* [The task]: Transcribe all of the records word for word, but omit the pictures.

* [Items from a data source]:
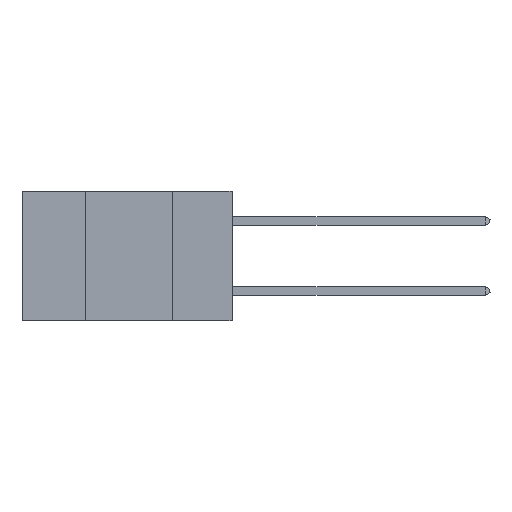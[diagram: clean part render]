
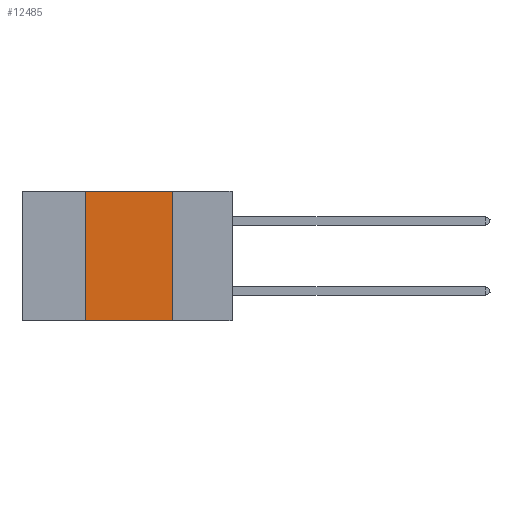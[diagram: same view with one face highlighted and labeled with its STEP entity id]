
A CAD part, left-side view. The second image highlights one B-rep face of the part: STEP entity #12485.
In plain terms, the highlighted planar face has unit normal (-1, 0, 0).
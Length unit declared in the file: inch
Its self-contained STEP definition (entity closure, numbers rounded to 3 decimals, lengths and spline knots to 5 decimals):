
#196 = VECTOR ( 'NONE', #4544, 39.37008 ) ;
#1762 = LINE ( 'NONE', #28337, #29634 ) ;
#1843 = CARTESIAN_POINT ( 'NONE',  ( 0., 0.42, 0. ) ) ;
#2132 = CARTESIAN_POINT ( 'NONE',  ( 0., 0.17, 0. ) ) ;
#3583 = DIRECTION ( 'NONE',  ( 0., 0., -1. ) ) ;
#4488 = DIRECTION ( 'NONE',  ( 0., -1., 0. ) ) ;
#4544 = DIRECTION ( 'NONE',  ( 0., 0., 1. ) ) ;
#7431 = ORIENTED_EDGE ( 'NONE', *, *, #18294, .F. ) ;
#10285 = VERTEX_POINT ( 'NONE', #17674 ) ;
#10546 = VERTEX_POINT ( 'NONE', #27000 ) ;
#11121 = VERTEX_POINT ( 'NONE', #2132 ) ;
#11316 = CARTESIAN_POINT ( 'NONE',  ( 0., 0.6, 0. ) ) ;
#12388 = CARTESIAN_POINT ( 'NONE',  ( 0., 0.17, -0.37 ) ) ;
#12485 = ADVANCED_FACE ( 'NONE', ( #30460 ), #29740, .F. ) ;
#12513 = VERTEX_POINT ( 'NONE', #12388 ) ;
#12578 = DIRECTION ( 'NONE',  ( 0., -1., 0. ) ) ;
#13551 = DIRECTION ( 'NONE',  ( 1., 0., 0. ) ) ;
#14471 = VECTOR ( 'NONE', #4488, 39.37008 ) ;
#17674 = CARTESIAN_POINT ( 'NONE',  ( 0., 0.42, 0. ) ) ;
#18278 = LINE ( 'NONE', #23669, #14471 ) ;
#18294 = EDGE_CURVE ( 'NONE', #10285, #11121, #1762, .T. ) ;
#20037 = CARTESIAN_POINT ( 'NONE',  ( 0., 0.17, 0. ) ) ;
#21231 = AXIS2_PLACEMENT_3D ( 'NONE', #11316, #13551, #32457 ) ;
#22648 = LINE ( 'NONE', #1843, #196 ) ;
#23669 = CARTESIAN_POINT ( 'NONE',  ( 0., 0.6, -0.37 ) ) ;
#25929 = LINE ( 'NONE', #20037, #26369 ) ;
#26369 = VECTOR ( 'NONE', #3583, 39.37008 ) ;
#26594 = ORIENTED_EDGE ( 'NONE', *, *, #34927, .F. ) ;
#26599 = ORIENTED_EDGE ( 'NONE', *, *, #30241, .T. ) ;
#27000 = CARTESIAN_POINT ( 'NONE',  ( 0., 0.42, -0.37 ) ) ;
#28337 = CARTESIAN_POINT ( 'NONE',  ( 0., 0.6, 0. ) ) ;
#29634 = VECTOR ( 'NONE', #12578, 39.37008 ) ;
#29740 = PLANE ( 'NONE',  #21231 ) ;
#29836 = EDGE_LOOP ( 'NONE', ( #31397, #7431, #26594, #26599 ) ) ;
#30241 = EDGE_CURVE ( 'NONE', #10546, #12513, #18278, .T. ) ;
#30460 = FACE_OUTER_BOUND ( 'NONE', #29836, .T. ) ;
#30663 = EDGE_CURVE ( 'NONE', #11121, #12513, #25929, .T. ) ;
#31397 = ORIENTED_EDGE ( 'NONE', *, *, #30663, .F. ) ;
#32457 = DIRECTION ( 'NONE',  ( 0., 0., -1. ) ) ;
#34927 = EDGE_CURVE ( 'NONE', #10546, #10285, #22648, .T. ) ;

* [Written solution]:
[diagram: clean part render]
[diagram: same view with one face highlighted and labeled with its STEP entity id]
A CAD part, left-side view. The second image highlights one B-rep face of the part: STEP entity #12485.
In plain terms, the highlighted planar face has unit normal (-1, 0, 0).
Length unit declared in the file: inch
Its self-contained STEP definition (entity closure, numbers rounded to 3 decimals, lengths and spline knots to 5 decimals):
#196 = VECTOR ( 'NONE', #4544, 39.37008 ) ;
#1762 = LINE ( 'NONE', #28337, #29634 ) ;
#1843 = CARTESIAN_POINT ( 'NONE',  ( 0., 0.42, 0. ) ) ;
#2132 = CARTESIAN_POINT ( 'NONE',  ( 0., 0.17, 0. ) ) ;
#3583 = DIRECTION ( 'NONE',  ( 0., 0., -1. ) ) ;
#4488 = DIRECTION ( 'NONE',  ( 0., -1., 0. ) ) ;
#4544 = DIRECTION ( 'NONE',  ( 0., 0., 1. ) ) ;
#7431 = ORIENTED_EDGE ( 'NONE', *, *, #18294, .F. ) ;
#10285 = VERTEX_POINT ( 'NONE', #17674 ) ;
#10546 = VERTEX_POINT ( 'NONE', #27000 ) ;
#11121 = VERTEX_POINT ( 'NONE', #2132 ) ;
#11316 = CARTESIAN_POINT ( 'NONE',  ( 0., 0.6, 0. ) ) ;
#12388 = CARTESIAN_POINT ( 'NONE',  ( 0., 0.17, -0.37 ) ) ;
#12485 = ADVANCED_FACE ( 'NONE', ( #30460 ), #29740, .F. ) ;
#12513 = VERTEX_POINT ( 'NONE', #12388 ) ;
#12578 = DIRECTION ( 'NONE',  ( 0., -1., 0. ) ) ;
#13551 = DIRECTION ( 'NONE',  ( 1., 0., 0. ) ) ;
#14471 = VECTOR ( 'NONE', #4488, 39.37008 ) ;
#17674 = CARTESIAN_POINT ( 'NONE',  ( 0., 0.42, 0. ) ) ;
#18278 = LINE ( 'NONE', #23669, #14471 ) ;
#18294 = EDGE_CURVE ( 'NONE', #10285, #11121, #1762, .T. ) ;
#20037 = CARTESIAN_POINT ( 'NONE',  ( 0., 0.17, 0. ) ) ;
#21231 = AXIS2_PLACEMENT_3D ( 'NONE', #11316, #13551, #32457 ) ;
#22648 = LINE ( 'NONE', #1843, #196 ) ;
#23669 = CARTESIAN_POINT ( 'NONE',  ( 0., 0.6, -0.37 ) ) ;
#25929 = LINE ( 'NONE', #20037, #26369 ) ;
#26369 = VECTOR ( 'NONE', #3583, 39.37008 ) ;
#26594 = ORIENTED_EDGE ( 'NONE', *, *, #34927, .F. ) ;
#26599 = ORIENTED_EDGE ( 'NONE', *, *, #30241, .T. ) ;
#27000 = CARTESIAN_POINT ( 'NONE',  ( 0., 0.42, -0.37 ) ) ;
#28337 = CARTESIAN_POINT ( 'NONE',  ( 0., 0.6, 0. ) ) ;
#29634 = VECTOR ( 'NONE', #12578, 39.37008 ) ;
#29740 = PLANE ( 'NONE',  #21231 ) ;
#29836 = EDGE_LOOP ( 'NONE', ( #31397, #7431, #26594, #26599 ) ) ;
#30241 = EDGE_CURVE ( 'NONE', #10546, #12513, #18278, .T. ) ;
#30460 = FACE_OUTER_BOUND ( 'NONE', #29836, .T. ) ;
#30663 = EDGE_CURVE ( 'NONE', #11121, #12513, #25929, .T. ) ;
#31397 = ORIENTED_EDGE ( 'NONE', *, *, #30663, .F. ) ;
#32457 = DIRECTION ( 'NONE',  ( 0., 0., -1. ) ) ;
#34927 = EDGE_CURVE ( 'NONE', #10546, #10285, #22648, .T. ) ;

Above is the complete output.